Now suppose that \(X\) and \(Y\) are random variables for an experiment, each taking values in a set \(T\). Then \(X\) and \(Y\) are said to be equivalent if

\[\P(X = Y) = 1\]

Again, this definition really does define an equivalence relation on the collection of random variables that take values in \(T\). Thus, the collection of such random variables is partitioned into disjoint classes of mutually equivalent variables.

  1. \(X\) is equivalent to \(X\) for any random variable \(X\) (the reflexive property).
  2. If \(X\) is equivalent to \(Y\) then \(Y\) is equivalent to \(X\) (the symmetric property).
  3. If \(X\) is equivalent to \(Y\) and \(Y\) is equivalent to \(Z\) then \(X\) is equivalent to \(Z\) (the transitive property).

Suppose that \(X\) and \(Y\) are equivalent random variables, taking values in a set \(T\). Then for any \(B \subseteq T\), the events \(\{X \in B\}\) and \(\{Y \in B\}\) are equivalent.

Proof:

Note that \( \{X \in B\} \bigtriangleup \{Y \in B\} \subseteq \{X \ne Y\} \).

Thus if \( X \) and \( Y \) are equivalent, then \(X\) and \(Y\) have the same probability distribution. Again, the converse fails with a passion.
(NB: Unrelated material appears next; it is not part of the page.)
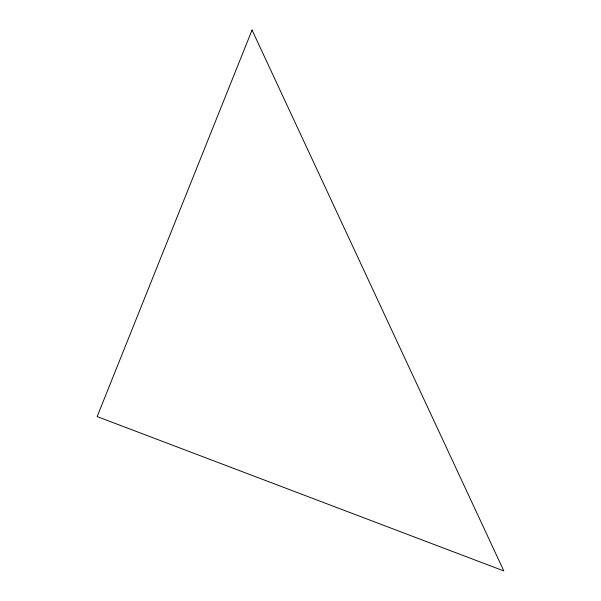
<?xml version="1.0" encoding="UTF-8"?>
<svg xmlns="http://www.w3.org/2000/svg" width="601" height="601" viewBox="0 0 601 601"><rect width="100%" height="100%" fill="white"/><g stroke="black" fill="none" stroke-linecap="round" stroke-linejoin="round"><path stroke-width="0.9" d="M252.052 30.05L97.152 416.583L503.848 570.95L252.052 30.05"/></g></svg>

Suppose that \(A\) and \(B\) are events for a random experiment. Then \(A\) and \(B\) are equivalent if and only if the indicator random variables \(\bs{1}_A\) and \(\bs{1}_B\) are equivalent.

Suppose that \(X\) and \(Y\) are equivalent random variables, taking values in a set \(T\), and that \(g\) is a function from \(T\) into a set \(U\). Then \(g(X)\) and \(g(Y)\) are equivalent.